TRY IT:
Word for word, repeat the lines of the records from the first line up to and including the line that contains "line L11 (-66.05, -24.209)", passing over any pictures.
=== EXTRACTED INFORMATION ===
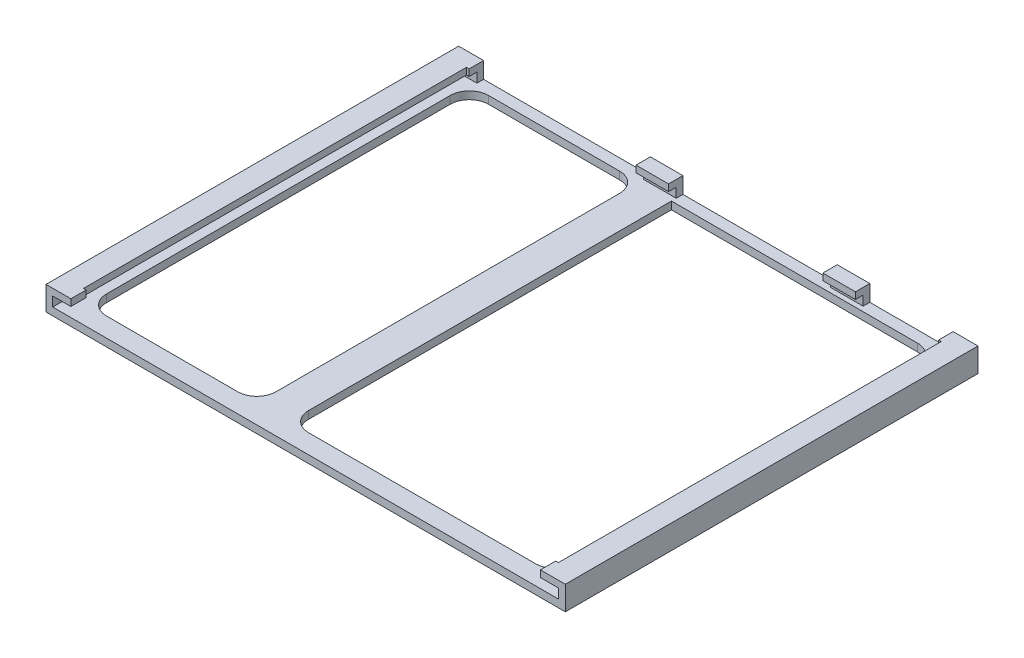
SolidWorks part; units mm, degrees
ref_plane "Front Plane" through (0, 0, 0) normal (0, 0, 1) x (1, 0, 0)
ref_plane "Top Plane" through (0, 0, 0) normal (0, 1, 0) x (1, 0, 0)
ref_plane "Right Plane" through (0, 0, 0) normal (1, 0, 0) x (0, 0, -1)
sketch "Sketch1" plane through (0, 0, 0) normal (0, 0, 1) x (1, 0, 0)
  line L0 (-61.3, -24.209) -> (-61.3, -22.459)
  line L1 (-61.3, -22.459) -> (-67.8, -22.459)
  line L2 (-67.8, -22.459) -> (-67.8, -28.709)
  line L3 (-67.8, -28.709) -> (67.8, -28.709)
  line L4 (67.8, -28.709) -> (67.8, -22.459)
  line L5 (67.8, -22.459) -> (61.3, -22.459)
  line L6 (61.3, -22.459) -> (61.3, -24.209)
  line L7 (61.3, -24.209) -> (66.05, -24.209)
  line L8 (66.05, -24.209) -> (66.05, -26.709)
  line L9 (66.05, -26.709) -> (-66.05, -26.709)
  line L10 (-66.05, -26.709) -> (-66.05, -24.209)
  line L11 (-66.05, -24.209) -> (-61.3, -24.209)
  point P12 (-63.675, -24.209)
  point P15 (0, -28.709)
  dimension "D1" = 132.1
  dimension "D2" = 2
  dimension "D3" = 2.5
  dimension "D4" = 1.75
  dimension "D5" = 1.75
  dimension "D6" = 1.75
  dimension "D7" = 4.75
  dimension "D8" = 4.75
extrude "Boss-Extrude1" add sketch "Sketch1" against normal blind 107.75
sketch "Sketch2" plane through (0, -26.709, 0) normal (0, 1, 0) x (1, 0, 0)
  line L0 (66.05, 107.75) -> (-66.05, 107.75) construction
  line L1 (-17.75, 107.75) -> (-9.25, 107.75)
  line L2 (-17.75, 107.75) -> (-17.75, 102.75)
  line L3 (-17.75, 102.75) -> (-9.25, 102.75)
  line L4 (-9.25, 107.75) -> (-9.25, 102.75)
  line L5 (-66.05, 107.75) -> (-66.05, 0) construction
  line L6 (31.05, 107.75) -> (39.55, 107.75)
  line L7 (31.05, 107.75) -> (31.05, 102.75)
  line L8 (31.05, 102.75) -> (39.55, 102.75)
  line L9 (39.55, 107.75) -> (39.55, 102.75)
  line L10 (66.05, 107.75) -> (66.05, 0) construction
  dimension "D1" = 48.3
  dimension "D2" = 8.5
  dimension "D3" = 26.5
  dimension "D4" = 8.5
  dimension "D5" = 5
extrude "Boss-Extrude2" add sketch "Sketch2" along normal blind 4.25
sketch "Sketch3" plane through (0, 0, -102.75) normal (0, 0, 1) x (1, 0, 0)
  line L0 (-9.25, -22.459) -> (-9.25, -26.709) construction
  line L1 (-17.75, -26.709) -> (-9.25, -26.709)
  line L2 (-17.75, -26.709) -> (-17.75, -24.209)
  line L3 (-17.75, -24.209) -> (-9.25, -24.209)
  line L4 (-9.25, -26.709) -> (-9.25, -24.209)
  line L5 (39.55, -22.459) -> (39.55, -26.709) construction
  line L6 (31.05, -26.709) -> (39.55, -26.709)
  line L7 (31.05, -26.709) -> (31.05, -24.209)
  line L8 (31.05, -24.209) -> (39.55, -24.209)
  line L9 (39.55, -26.709) -> (39.55, -24.209)
  dimension "D1" = 2.5
extrude "Cut-Extrude1" cut sketch "Sketch3" against normal blind 3.25
sketch "Sketch4" plane through (66.05, 0, 0) normal (-1, 0, 0) x (0, 0, 1)
  line L0 (-107.75, -24.209) -> (0, -24.209) construction
  line L1 (-107.75, -26.709) -> (-106, -26.709)
  line L2 (-107.75, -26.709) -> (-107.75, -24.209)
  line L3 (-107.75, -24.209) -> (-106, -24.209)
  line L4 (-106, -26.709) -> (-106, -24.209)
  dimension "D1" = 1.75
extrude "Boss-Extrude3" add sketch "Sketch4" along normal up to surface (4.75 mm away) up to face at (61.3, -23.334, -53.875)
sketch "Sketch5" plane through (-66.05, 0, 0) normal (1, 0, 0) x (0, 0, -1)
  line L0 (107.75, -24.209) -> (0, -24.209) construction
  line L1 (107.75, -26.709) -> (106, -26.709)
  line L2 (107.75, -26.709) -> (107.75, -24.209)
  line L3 (107.75, -24.209) -> (106, -24.209)
  line L4 (106, -26.709) -> (106, -24.209)
  dimension "D1" = 1.75
extrude "Boss-Extrude4" add sketch "Sketch5" along normal up to surface (4.75 mm away) up to face at (-61.3, -23.334, -53.875)
sketch "Sketch6" plane through (0, -28.709, 0) normal (0, -1, 0) x (1, 0, 0)
  line L0 (-67.8, -107.75) -> (-67.8, 0) construction
  line L1 (-62, -104) -> (62, -104)
  line L2 (-62, -104) -> (-62, -4)
  line L3 (-62, -4) -> (62, -4)
  line L4 (62, -104) -> (62, -4)
  line L6 (-67.8, 0) -> (67.8, 0) construction
  dimension "D1" = 124
  dimension "D2" = 100
  dimension "D3" = 5.8
  dimension "D4" = 4
extrude "Cut-Extrude2" cut sketch "Sketch6" against normal blind 10 from surface starting at face at (5.45, -26.709, -93.4062)
sketch "Sketch7" plane through (0, -28.709, 0) normal (0, -1, 0) x (1, 0, 0)
  line L0 (-67.8, -107.75) -> (-67.8, 0) construction
  line L1 (-62, -5) -> (-17.75, -5)
  line L2 (-62, -5) -> (-62, -104.75)
  line L3 (-62, -104.75) -> (-17.75, -104.75)
  line L4 (59.9852, -5) -> (59.9852, -104.75)
  line L5 (-67.8, 0) -> (67.8, 0) construction
  line L6 (-67.8, -107.75) -> (67.8, -107.75) construction
  line L7 (-9.25, -5) -> (59.9852, -5)
  line L9 (-17.75, -104.75) -> (-17.75, -5)
  line L11 (-9.25, -104.75) -> (-9.25, -5)
  line L12 (-9.25, -104.75) -> (59.9852, -104.75)
  dimension "D1" = 5.8
  dimension "D2" = 5
  dimension "D3" = 3
  dimension "D4" = 0
  dimension "D5" = 0
extrude "Cut-Extrude4" cut sketch "Sketch7" against normal up to surface (2 mm away) up to face at (5.45, -26.709, -93.4062)
fillet "Fillet2" radius 5 7 edges at (59.9852, -27.709, -5) (59.9852, -27.709, -104.75) (-62, -27.709, -104.75) (-62, -27.709, -5) (-9.25, -27.709, -5) (-17.75, -27.709, -5) (-17.75, -27.709, -104.75)
===
WORKED SOLUTION:
SolidWorks part; units mm, degrees
ref_plane "Front Plane" through (0, 0, 0) normal (0, 0, 1) x (1, 0, 0)
ref_plane "Top Plane" through (0, 0, 0) normal (0, 1, 0) x (1, 0, 0)
ref_plane "Right Plane" through (0, 0, 0) normal (1, 0, 0) x (0, 0, -1)
sketch "Sketch1" plane through (0, 0, 0) normal (0, 0, 1) x (1, 0, 0)
  line L0 (-61.3, -24.209) -> (-61.3, -22.459)
  line L1 (-61.3, -22.459) -> (-67.8, -22.459)
  line L2 (-67.8, -22.459) -> (-67.8, -28.709)
  line L3 (-67.8, -28.709) -> (67.8, -28.709)
  line L4 (67.8, -28.709) -> (67.8, -22.459)
  line L5 (67.8, -22.459) -> (61.3, -22.459)
  line L6 (61.3, -22.459) -> (61.3, -24.209)
  line L7 (61.3, -24.209) -> (66.05, -24.209)
  line L8 (66.05, -24.209) -> (66.05, -26.709)
  line L9 (66.05, -26.709) -> (-66.05, -26.709)
  line L10 (-66.05, -26.709) -> (-66.05, -24.209)
  line L11 (-66.05, -24.209) -> (-61.3, -24.209)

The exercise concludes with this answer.